山莊的南北和西面被群山圍住,南北兩邊的官道在東面合併成一條大路,大路可直接通道山莊的一個大院子。這條大路也直通華興鎮。

對於外人來說,走進山莊,就像走入官府世家貴族的深宅大院。

其實,近年來,武林各幫派崛起,導致慧劍山莊在武林中的地位下降了。

但是,慧劍山莊畢竟有百年之久,曾經的輝煌依然還影響到現在,如今還是越洋城方圓幾百裡內的武林領袖,所以,很多江湖幫派不敢小瞧它,更不敢公然冒犯山莊的人。

慧劍山莊分為五個小莊,即東南西北中,五個莊都是坐西向東,中莊以曾傑為大莊主。

一百年多前,皇尊命平南平南王組建慧劍山莊。
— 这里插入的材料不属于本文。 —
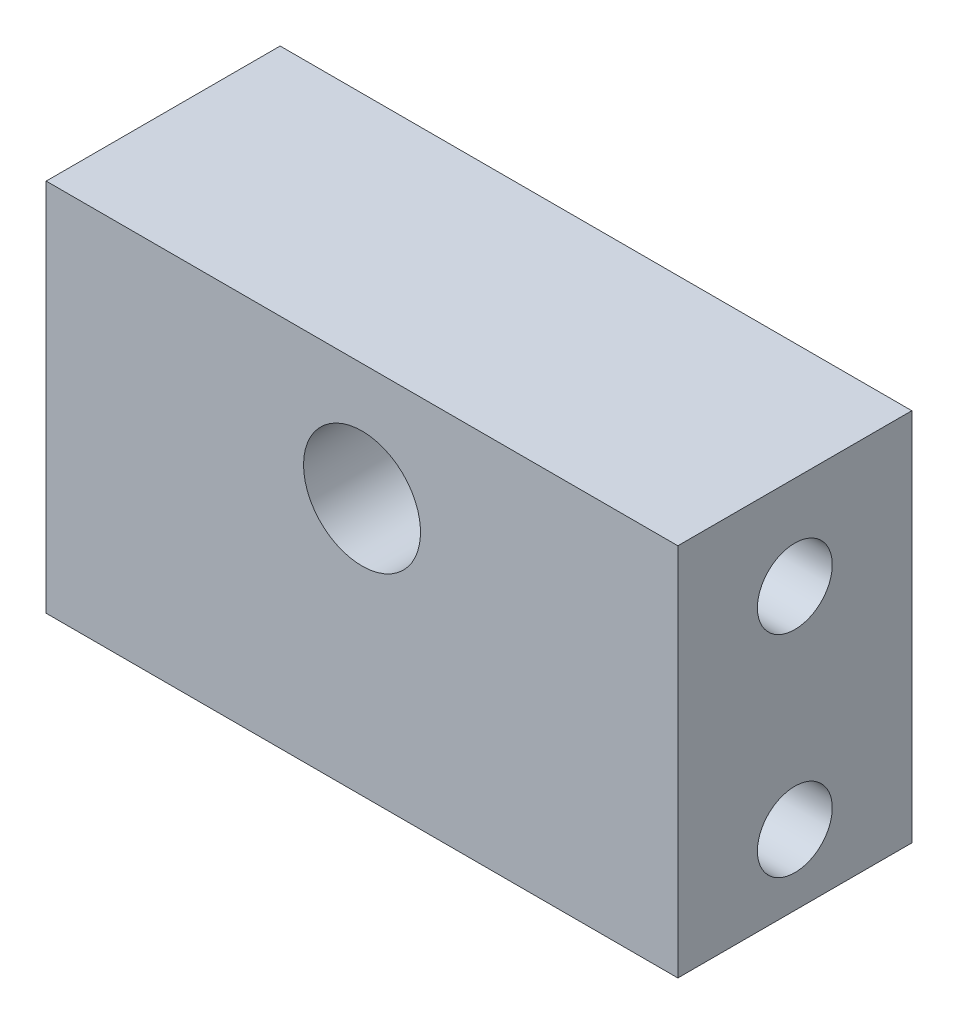
ISO-10303-21;
HEADER;
FILE_DESCRIPTION(('STEP AP214'),'2;1');
FILE_NAME('part.step','',(''),(''),'','','');
FILE_SCHEMA(('AUTOMOTIVE_DESIGN { 1 0 10303 214 1 1 1 1 }'));
ENDSEC;
DATA;
#1=APPLICATION_CONTEXT('core data for automotive mechanical design processes');
#2=APPLICATION_PROTOCOL_DEFINITION('international standard','automotive_design',2000,#1);
#3=PRODUCT_CONTEXT('',#1,'mechanical');
#4=PRODUCT('Part','Part','',(#3));
#5=PRODUCT_RELATED_PRODUCT_CATEGORY('part','',(#4));
#6=PRODUCT_DEFINITION_FORMATION('','',#4);
#7=PRODUCT_DEFINITION_CONTEXT('part definition',#1,'design');
#8=PRODUCT_DEFINITION('design','',#6,#7);
#9=PRODUCT_DEFINITION_SHAPE('','',#8);
#10=(LENGTH_UNIT() NAMED_UNIT(*) SI_UNIT(.MILLI.,.METRE.));
#11=(NAMED_UNIT(*) PLANE_ANGLE_UNIT() SI_UNIT($,.RADIAN.));
#12=(NAMED_UNIT(*) SI_UNIT($,.STERADIAN.) SOLID_ANGLE_UNIT());
#13=UNCERTAINTY_MEASURE_WITH_UNIT(LENGTH_MEASURE(1.E-05),#10,'distance_accuracy_value','');
#14=(GEOMETRIC_REPRESENTATION_CONTEXT(3) GLOBAL_UNCERTAINTY_ASSIGNED_CONTEXT((#13)) GLOBAL_UNIT_ASSIGNED_CONTEXT((#10,
#11,#12)) REPRESENTATION_CONTEXT('',''));
#15=CARTESIAN_POINT('',(0.,0.,0.));
#16=DIRECTION('',(0.,0.,1.));
#17=DIRECTION('',(1.,0.,0.));
#18=AXIS2_PLACEMENT_3D('',#15,#16,#17);
#19=CARTESIAN_POINT('',(0.,0.,5.));
#20=DIRECTION('',(1.,0.,0.));
#21=DIRECTION('',(0.,0.,-1.));
#22=AXIS2_PLACEMENT_3D('',#19,#20,#21);
#23=PLANE('',#22);
#24=CARTESIAN_POINT('',(0.,6.,2.5));
#25=DIRECTION('',(-1.,0.,0.));
#26=DIRECTION('',(0.,0.,1.));
#27=AXIS2_PLACEMENT_3D('',#24,#25,#26);
#28=CIRCLE('',#27,0.799999999999999);
#29=CARTESIAN_POINT('',(0.,6.,3.3));
#30=VERTEX_POINT('',#29);
#31=EDGE_CURVE('E124',#30,#30,#28,.T.);
#32=ORIENTED_EDGE('',*,*,#31,.F.);
#33=EDGE_LOOP('',(#32));
#34=FACE_BOUND('',#33,.T.);
#35=CARTESIAN_POINT('',(0.,1.5,2.5));
#36=DIRECTION('',(-1.,0.,0.));
#37=DIRECTION('',(0.,0.,1.));
#38=AXIS2_PLACEMENT_3D('',#35,#36,#37);
#39=CIRCLE('',#38,0.799999999999999);
#40=CARTESIAN_POINT('',(0.,1.5,3.3));
#41=VERTEX_POINT('',#40);
#42=EDGE_CURVE('E118',#41,#41,#39,.T.);
#43=ORIENTED_EDGE('',*,*,#42,.F.);
#44=EDGE_LOOP('',(#43));
#45=FACE_BOUND('',#44,.T.);
#46=DIRECTION('',(0.,-1.,0.));
#47=VECTOR('',#46,1.);
#48=CARTESIAN_POINT('',(0.,0.,0.));
#49=LINE('',#48,#47);
#50=CARTESIAN_POINT('',(0.,8.,0.));
#51=VERTEX_POINT('',#50);
#52=CARTESIAN_POINT('',(0.,0.,0.));
#53=VERTEX_POINT('',#52);
#54=EDGE_CURVE('E102',#51,#53,#49,.T.);
#55=ORIENTED_EDGE('',*,*,#54,.T.);
#56=DIRECTION('',(0.,0.,-1.));
#57=VECTOR('',#56,1.);
#58=CARTESIAN_POINT('',(0.,0.,5.));
#59=LINE('',#58,#57);
#60=CARTESIAN_POINT('',(0.,0.,5.));
#61=VERTEX_POINT('',#60);
#62=EDGE_CURVE('E11',#61,#53,#59,.T.);
#63=ORIENTED_EDGE('',*,*,#62,.F.);
#64=DIRECTION('',(0.,-1.,0.));
#65=VECTOR('',#64,1.);
#66=CARTESIAN_POINT('',(0.,0.,5.));
#67=LINE('',#66,#65);
#68=CARTESIAN_POINT('',(0.,8.,5.));
#69=VERTEX_POINT('',#68);
#70=EDGE_CURVE('E89',#69,#61,#67,.T.);
#71=ORIENTED_EDGE('',*,*,#70,.F.);
#72=DIRECTION('',(0.,0.,-1.));
#73=VECTOR('',#72,1.);
#74=CARTESIAN_POINT('',(0.,8.,5.));
#75=LINE('',#74,#73);
#76=EDGE_CURVE('E98',#69,#51,#75,.T.);
#77=ORIENTED_EDGE('',*,*,#76,.T.);
#78=EDGE_LOOP('',(#55,#63,#71,#77));
#79=FACE_BOUND('',#78,.T.);
#80=ADVANCED_FACE('F33',(#34,#45,#79),#23,.F.);
#81=CARTESIAN_POINT('',(0.,0.,5.));
#82=DIRECTION('',(0.,1.,0.));
#83=DIRECTION('',(0.,0.,1.));
#84=AXIS2_PLACEMENT_3D('',#81,#82,#83);
#85=PLANE('',#84);
#86=DIRECTION('',(1.,0.,0.));
#87=VECTOR('',#86,1.);
#88=CARTESIAN_POINT('',(0.,0.,0.));
#89=LINE('',#88,#87);
#90=CARTESIAN_POINT('',(13.5,0.,0.));
#91=VERTEX_POINT('',#90);
#92=EDGE_CURVE('E93',#53,#91,#89,.T.);
#93=ORIENTED_EDGE('',*,*,#92,.T.);
#94=DIRECTION('',(0.,0.,-1.));
#95=VECTOR('',#94,1.);
#96=CARTESIAN_POINT('',(13.5,0.,5.));
#97=LINE('',#96,#95);
#98=CARTESIAN_POINT('',(13.5,0.,5.));
#99=VERTEX_POINT('',#98);
#100=EDGE_CURVE('E46',#99,#91,#97,.T.);
#101=ORIENTED_EDGE('',*,*,#100,.F.);
#102=DIRECTION('',(1.,0.,0.));
#103=VECTOR('',#102,1.);
#104=CARTESIAN_POINT('',(0.,0.,5.));
#105=LINE('',#104,#103);
#106=EDGE_CURVE('E84',#61,#99,#105,.T.);
#107=ORIENTED_EDGE('',*,*,#106,.F.);
#108=ORIENTED_EDGE('',*,*,#62,.T.);
#109=EDGE_LOOP('',(#93,#101,#107,#108));
#110=FACE_BOUND('',#109,.T.);
#111=ADVANCED_FACE('F92',(#110),#85,.F.);
#112=CARTESIAN_POINT('',(13.5,0.,5.));
#113=DIRECTION('',(-1.,0.,0.));
#114=DIRECTION('',(0.,0.,1.));
#115=AXIS2_PLACEMENT_3D('',#112,#113,#114);
#116=PLANE('',#115);
#117=CARTESIAN_POINT('',(13.5,6.,2.5));
#118=DIRECTION('',(-1.,0.,0.));
#119=DIRECTION('',(0.,0.,1.));
#120=AXIS2_PLACEMENT_3D('',#117,#118,#119);
#121=CIRCLE('',#120,0.799999999999997);
#122=CARTESIAN_POINT('',(13.5,6.,3.3));
#123=VERTEX_POINT('',#122);
#124=EDGE_CURVE('E121',#123,#123,#121,.T.);
#125=ORIENTED_EDGE('',*,*,#124,.T.);
#126=EDGE_LOOP('',(#125));
#127=FACE_BOUND('',#126,.T.);
#128=CARTESIAN_POINT('',(13.5,1.5,2.5));
#129=DIRECTION('',(-1.,0.,0.));
#130=DIRECTION('',(0.,0.,1.));
#131=AXIS2_PLACEMENT_3D('',#128,#129,#130);
#132=CIRCLE('',#131,0.799999999999997);
#133=CARTESIAN_POINT('',(13.5,1.5,3.3));
#134=VERTEX_POINT('',#133);
#135=EDGE_CURVE('E105',#134,#134,#132,.T.);
#136=ORIENTED_EDGE('',*,*,#135,.T.);
#137=EDGE_LOOP('',(#136));
#138=FACE_BOUND('',#137,.T.);
#139=DIRECTION('',(0.,1.,0.));
#140=VECTOR('',#139,1.);
#141=CARTESIAN_POINT('',(13.5,0.,0.));
#142=LINE('',#141,#140);
#143=CARTESIAN_POINT('',(13.5,8.,0.));
#144=VERTEX_POINT('',#143);
#145=EDGE_CURVE('E71',#91,#144,#142,.T.);
#146=ORIENTED_EDGE('',*,*,#145,.T.);
#147=DIRECTION('',(0.,0.,-1.));
#148=VECTOR('',#147,1.);
#149=CARTESIAN_POINT('',(13.5,8.,5.));
#150=LINE('',#149,#148);
#151=CARTESIAN_POINT('',(13.5,8.,5.));
#152=VERTEX_POINT('',#151);
#153=EDGE_CURVE('E94',#152,#144,#150,.T.);
#154=ORIENTED_EDGE('',*,*,#153,.F.);
#155=DIRECTION('',(0.,1.,0.));
#156=VECTOR('',#155,1.);
#157=CARTESIAN_POINT('',(13.5,0.,5.));
#158=LINE('',#157,#156);
#159=EDGE_CURVE('E87',#99,#152,#158,.T.);
#160=ORIENTED_EDGE('',*,*,#159,.F.);
#161=ORIENTED_EDGE('',*,*,#100,.T.);
#162=EDGE_LOOP('',(#146,#154,#160,#161));
#163=FACE_BOUND('',#162,.T.);
#164=ADVANCED_FACE('F96',(#127,#138,#163),#116,.F.);
#165=CARTESIAN_POINT('',(0.,8.,5.));
#166=DIRECTION('',(0.,-1.,0.));
#167=DIRECTION('',(0.,0.,-1.));
#168=AXIS2_PLACEMENT_3D('',#165,#166,#167);
#169=PLANE('',#168);
#170=DIRECTION('',(-1.,0.,0.));
#171=VECTOR('',#170,1.);
#172=CARTESIAN_POINT('',(0.,8.,0.));
#173=LINE('',#172,#171);
#174=EDGE_CURVE('E77',#144,#51,#173,.T.);
#175=ORIENTED_EDGE('',*,*,#174,.T.);
#176=ORIENTED_EDGE('',*,*,#76,.F.);
#177=DIRECTION('',(-1.,0.,0.));
#178=VECTOR('',#177,1.);
#179=CARTESIAN_POINT('',(0.,8.,5.));
#180=LINE('',#179,#178);
#181=EDGE_CURVE('E54',#152,#69,#180,.T.);
#182=ORIENTED_EDGE('',*,*,#181,.F.);
#183=ORIENTED_EDGE('',*,*,#153,.T.);
#184=EDGE_LOOP('',(#175,#176,#182,#183));
#185=FACE_BOUND('',#184,.T.);
#186=ADVANCED_FACE('F110',(#185),#169,.F.);
#187=CARTESIAN_POINT('',(0.,0.,5.));
#188=DIRECTION('',(0.,0.,-1.));
#189=DIRECTION('',(-1.,0.,0.));
#190=AXIS2_PLACEMENT_3D('',#187,#188,#189);
#191=PLANE('',#190);
#192=CARTESIAN_POINT('',(6.75,5.5,5.));
#193=DIRECTION('',(0.,0.,-1.));
#194=DIRECTION('',(-1.,0.,0.));
#195=AXIS2_PLACEMENT_3D('',#192,#193,#194);
#196=CIRCLE('',#195,1.25);
#197=CARTESIAN_POINT('',(5.5,5.5,5.));
#198=VERTEX_POINT('',#197);
#199=EDGE_CURVE('E127',#198,#198,#196,.T.);
#200=ORIENTED_EDGE('',*,*,#199,.T.);
#201=EDGE_LOOP('',(#200));
#202=FACE_BOUND('',#201,.T.);
#203=ORIENTED_EDGE('',*,*,#70,.T.);
#204=ORIENTED_EDGE('',*,*,#106,.T.);
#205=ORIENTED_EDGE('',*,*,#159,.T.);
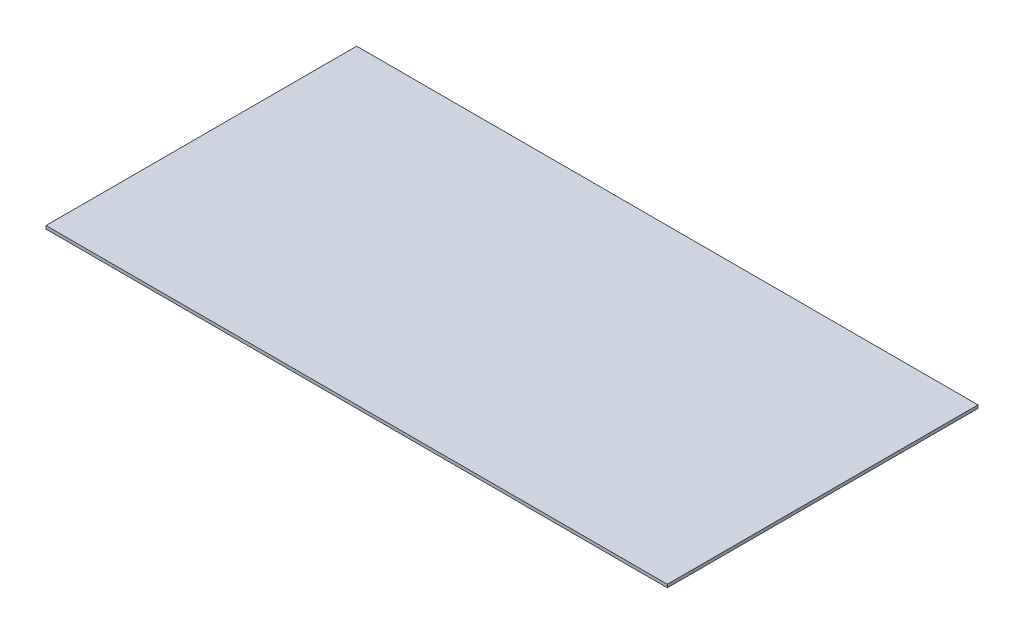
ISO-10303-21;
HEADER;
FILE_DESCRIPTION(('STEP AP214'),'2;1');
FILE_NAME('part.step','',(''),(''),'','','');
FILE_SCHEMA(('AUTOMOTIVE_DESIGN { 1 0 10303 214 1 1 1 1 }'));
ENDSEC;
DATA;
#1=APPLICATION_CONTEXT('core data for automotive mechanical design processes');
#2=APPLICATION_PROTOCOL_DEFINITION('international standard','automotive_design',2000,#1);
#3=PRODUCT_CONTEXT('',#1,'mechanical');
#4=PRODUCT('Part','Part','',(#3));
#5=PRODUCT_RELATED_PRODUCT_CATEGORY('part','',(#4));
#6=PRODUCT_DEFINITION_FORMATION('','',#4);
#7=PRODUCT_DEFINITION_CONTEXT('part definition',#1,'design');
#8=PRODUCT_DEFINITION('design','',#6,#7);
#9=PRODUCT_DEFINITION_SHAPE('','',#8);
#10=(LENGTH_UNIT() NAMED_UNIT(*) SI_UNIT(.MILLI.,.METRE.));
#11=(NAMED_UNIT(*) PLANE_ANGLE_UNIT() SI_UNIT($,.RADIAN.));
#12=(NAMED_UNIT(*) SI_UNIT($,.STERADIAN.) SOLID_ANGLE_UNIT());
#13=UNCERTAINTY_MEASURE_WITH_UNIT(LENGTH_MEASURE(1.E-05),#10,'distance_accuracy_value','');
#14=(GEOMETRIC_REPRESENTATION_CONTEXT(3) GLOBAL_UNCERTAINTY_ASSIGNED_CONTEXT((#13)) GLOBAL_UNIT_ASSIGNED_CONTEXT((#10,
#11,#12)) REPRESENTATION_CONTEXT('',''));
#15=CARTESIAN_POINT('',(0.,0.,0.));
#16=DIRECTION('',(0.,0.,1.));
#17=DIRECTION('',(1.,0.,0.));
#18=AXIS2_PLACEMENT_3D('',#15,#16,#17);
#19=CARTESIAN_POINT('',(-10000.,100.,-5000.));
#20=DIRECTION('',(1.,0.,0.));
#21=DIRECTION('',(0.,0.,-1.));
#22=AXIS2_PLACEMENT_3D('',#19,#20,#21);
#23=PLANE('',#22);
#24=DIRECTION('',(0.,0.,1.));
#25=VECTOR('',#24,1.);
#26=CARTESIAN_POINT('',(-10000.,0.,-5000.));
#27=LINE('',#26,#25);
#28=CARTESIAN_POINT('',(-10000.,0.,-5000.));
#29=VERTEX_POINT('',#28);
#30=CARTESIAN_POINT('',(-10000.,0.,5000.));
#31=VERTEX_POINT('',#30);
#32=EDGE_CURVE('E107',#29,#31,#27,.T.);
#33=ORIENTED_EDGE('',*,*,#32,.T.);
#34=DIRECTION('',(0.,-1.,0.));
#35=VECTOR('',#34,1.);
#36=CARTESIAN_POINT('',(-10000.,100.,5000.));
#37=LINE('',#36,#35);
#38=CARTESIAN_POINT('',(-10000.,100.,5000.));
#39=VERTEX_POINT('',#38);
#40=EDGE_CURVE('E11',#39,#31,#37,.T.);
#41=ORIENTED_EDGE('',*,*,#40,.F.);
#42=DIRECTION('',(0.,0.,1.));
#43=VECTOR('',#42,1.);
#44=CARTESIAN_POINT('',(-10000.,100.,-5000.));
#45=LINE('',#44,#43);
#46=CARTESIAN_POINT('',(-10000.,100.,-5000.));
#47=VERTEX_POINT('',#46);
#48=EDGE_CURVE('E91',#47,#39,#45,.T.);
#49=ORIENTED_EDGE('',*,*,#48,.F.);
#50=DIRECTION('',(0.,-1.,0.));
#51=VECTOR('',#50,1.);
#52=CARTESIAN_POINT('',(-10000.,100.,-5000.));
#53=LINE('',#52,#51);
#54=EDGE_CURVE('E103',#47,#29,#53,.T.);
#55=ORIENTED_EDGE('',*,*,#54,.T.);
#56=EDGE_LOOP('',(#33,#41,#49,#55));
#57=FACE_BOUND('',#56,.T.);
#58=ADVANCED_FACE('F39',(#57),#23,.F.);
#59=CARTESIAN_POINT('',(-10000.,100.,5000.));
#60=DIRECTION('',(0.,0.,-1.));
#61=DIRECTION('',(-1.,0.,0.));
#62=AXIS2_PLACEMENT_3D('',#59,#60,#61);
#63=PLANE('',#62);
#64=DIRECTION('',(1.,0.,0.));
#65=VECTOR('',#64,1.);
#66=CARTESIAN_POINT('',(-10000.,0.,5000.));
#67=LINE('',#66,#65);
#68=CARTESIAN_POINT('',(10000.,0.,5000.));
#69=VERTEX_POINT('',#68);
#70=EDGE_CURVE('E96',#31,#69,#67,.T.);
#71=ORIENTED_EDGE('',*,*,#70,.T.);
#72=DIRECTION('',(0.,-1.,0.));
#73=VECTOR('',#72,1.);
#74=CARTESIAN_POINT('',(10000.,100.,5000.));
#75=LINE('',#74,#73);
#76=CARTESIAN_POINT('',(10000.,100.,5000.));
#77=VERTEX_POINT('',#76);
#78=EDGE_CURVE('E48',#77,#69,#75,.T.);
#79=ORIENTED_EDGE('',*,*,#78,.F.);
#80=DIRECTION('',(1.,0.,0.));
#81=VECTOR('',#80,1.);
#82=CARTESIAN_POINT('',(-10000.,100.,5000.));
#83=LINE('',#82,#81);
#84=EDGE_CURVE('E86',#39,#77,#83,.T.);
#85=ORIENTED_EDGE('',*,*,#84,.F.);
#86=ORIENTED_EDGE('',*,*,#40,.T.);
#87=EDGE_LOOP('',(#71,#79,#85,#86));
#88=FACE_BOUND('',#87,.T.);
#89=ADVANCED_FACE('F95',(#88),#63,.F.);
#90=CARTESIAN_POINT('',(10000.,100.,-5000.));
#91=DIRECTION('',(-1.,0.,0.));
#92=DIRECTION('',(0.,0.,1.));
#93=AXIS2_PLACEMENT_3D('',#90,#91,#92);
#94=PLANE('',#93);
#95=DIRECTION('',(0.,0.,-1.));
#96=VECTOR('',#95,1.);
#97=CARTESIAN_POINT('',(10000.,0.,-5000.));
#98=LINE('',#97,#96);
#99=CARTESIAN_POINT('',(10000.,0.,-5000.));
#100=VERTEX_POINT('',#99);
#101=EDGE_CURVE('E73',#69,#100,#98,.T.);
#102=ORIENTED_EDGE('',*,*,#101,.T.);
#103=DIRECTION('',(0.,-1.,0.));
#104=VECTOR('',#103,1.);
#105=CARTESIAN_POINT('',(10000.,100.,-5000.));
#106=LINE('',#105,#104);
#107=CARTESIAN_POINT('',(10000.,100.,-5000.));
#108=VERTEX_POINT('',#107);
#109=EDGE_CURVE('E98',#108,#100,#106,.T.);
#110=ORIENTED_EDGE('',*,*,#109,.F.);
#111=DIRECTION('',(0.,0.,-1.));
#112=VECTOR('',#111,1.);
#113=CARTESIAN_POINT('',(10000.,100.,-5000.));
#114=LINE('',#113,#112);
#115=EDGE_CURVE('E89',#77,#108,#114,.T.);
#116=ORIENTED_EDGE('',*,*,#115,.F.);
#117=ORIENTED_EDGE('',*,*,#78,.T.);
#118=EDGE_LOOP('',(#102,#110,#116,#117));
#119=FACE_BOUND('',#118,.T.);
#120=ADVANCED_FACE('F99',(#119),#94,.F.);
#121=CARTESIAN_POINT('',(-10000.,100.,-5000.));
#122=DIRECTION('',(0.,0.,1.));
#123=DIRECTION('',(1.,0.,0.));
#124=AXIS2_PLACEMENT_3D('',#121,#122,#123);
#125=PLANE('',#124);
#126=DIRECTION('',(-1.,0.,0.));
#127=VECTOR('',#126,1.);
#128=CARTESIAN_POINT('',(-10000.,0.,-5000.));
#129=LINE('',#128,#127);
#130=EDGE_CURVE('E79',#100,#29,#129,.T.);
#131=ORIENTED_EDGE('',*,*,#130,.T.);
#132=ORIENTED_EDGE('',*,*,#54,.F.);
#133=DIRECTION('',(-1.,0.,0.));
#134=VECTOR('',#133,1.);
#135=CARTESIAN_POINT('',(-10000.,100.,-5000.));
#136=LINE('',#135,#134);
#137=EDGE_CURVE('E56',#108,#47,#136,.T.);
#138=ORIENTED_EDGE('',*,*,#137,.F.);
#139=ORIENTED_EDGE('',*,*,#109,.T.);
#140=EDGE_LOOP('',(#131,#132,#138,#139));
#141=FACE_BOUND('',#140,.T.);
#142=ADVANCED_FACE('F120',(#141),#125,.F.);
#143=CARTESIAN_POINT('',(0.,100.,0.));
#144=DIRECTION('',(0.,1.,0.));
#145=DIRECTION('',(0.,0.,1.));
#146=AXIS2_PLACEMENT_3D('',#143,#144,#145);
#147=PLANE('',#146);
#148=ORIENTED_EDGE('',*,*,#48,.T.);
#149=ORIENTED_EDGE('',*,*,#84,.T.);
#150=ORIENTED_EDGE('',*,*,#115,.T.);
#151=ORIENTED_EDGE('',*,*,#137,.T.);
#152=EDGE_LOOP('',(#148,#149,#150,#151));
#153=FACE_BOUND('',#152,.T.);
#154=ADVANCED_FACE('F87',(#153),#147,.T.);
#155=CARTESIAN_POINT('',(0.,0.,0.));
#156=DIRECTION('',(0.,1.,0.));
#157=DIRECTION('',(0.,0.,1.));
#158=AXIS2_PLACEMENT_3D('',#155,#156,#157);
#159=PLANE('',#158);
#160=ORIENTED_EDGE('',*,*,#32,.F.);
#161=ORIENTED_EDGE('',*,*,#130,.F.);
#162=ORIENTED_EDGE('',*,*,#101,.F.);
#163=ORIENTED_EDGE('',*,*,#70,.F.);
#164=EDGE_LOOP('',(#160,#161,#162,#163));
#165=FACE_BOUND('',#164,.T.);
#166=ADVANCED_FACE('F123',(#165),#159,.F.);
#167=CLOSED_SHELL('',(#58,#89,#120,#142,#154,#166));
#168=MANIFOLD_SOLID_BREP('B2',#167);
#169=ADVANCED_BREP_SHAPE_REPRESENTATION('',(#18,#168),#14);
#170=SHAPE_DEFINITION_REPRESENTATION(#9,#169);
ENDSEC;
END-ISO-10303-21;

為了效忠皇尊,平南王召集衰落的幻劍山莊僅存的幾個好手,將幻劍山莊的從北方遷移到南方,才命名為慧劍山莊。

慧劍山莊效忠於皇朝,專心為朝廷籠絡奇人異士,一直以來給朝廷出過不少力。

當然,也就從那時起,慧劍山莊更沒有原來幻劍山莊的地位了,它幾乎完全服從官府的管轄,比皇尊組建的尊武堂的地位低了。

其實,慧劍山莊南遷後,表面看似興起,在武技上也變得更加沒落了,因為僅存的幾個高手們不願南遷,紛紛歸隱了。

如今,山莊總人數約五百人,除了五個莊主的家人親戚及弟子外,還有家丁,傭人,衛士。

長弓是慧劍山莊的傭人,已經在此住將近十八年了,他在慧劍山莊的地位不高,只能做專門巡山的人,稱為護林人。

他叫做長弓,那是因為他有一把很長很重的弓,很少人知道他的真實名字,當然,很多人也不想知道他的真實名字。

在山莊裡,地位較高的人,都屬於山莊的人,而長弓似乎很例外,他也算是慧劍山莊的人,因為他的妻子和慧劍山莊關係親近。

在四個巡山的人中,他比另外三個巡山人要好得多,因為他有一個讓很多人羨慕的家,他的妻子還是當地有點小名氣的女俠。

長弓就是這麼個人,他喜歡喝酒,也喜歡醉,但他似乎很少喝醉。

他喝酒的時候,就算有人拿刀架在脖子上也不著急,但是有關於女兒的事,不論大小,他都會很關心,寧願不喝美酒也先處理女兒的事情。

那天,他送走蕭直後,就回到了他真正的住處,就是一個很普通的瓦屋。

他喜歡喝醉,喝醉了就睡。或許,是不是喝醉了後,就能忘掉很多事情?沒有人問過他,也許只有他自己知道。

他不是很會喝酒的人,喝好酒配好菜,喝不好的酒配什麼菜都行,馬馬虎虎喝個夠就好。

打獵是他的絕活,別人一天能獵到兩隻野豬,而他比很多人厲害,只要他樂意,一天可以獵到五隻。會打獵的人,一般都懂得享受美食,他絕對是其中之一。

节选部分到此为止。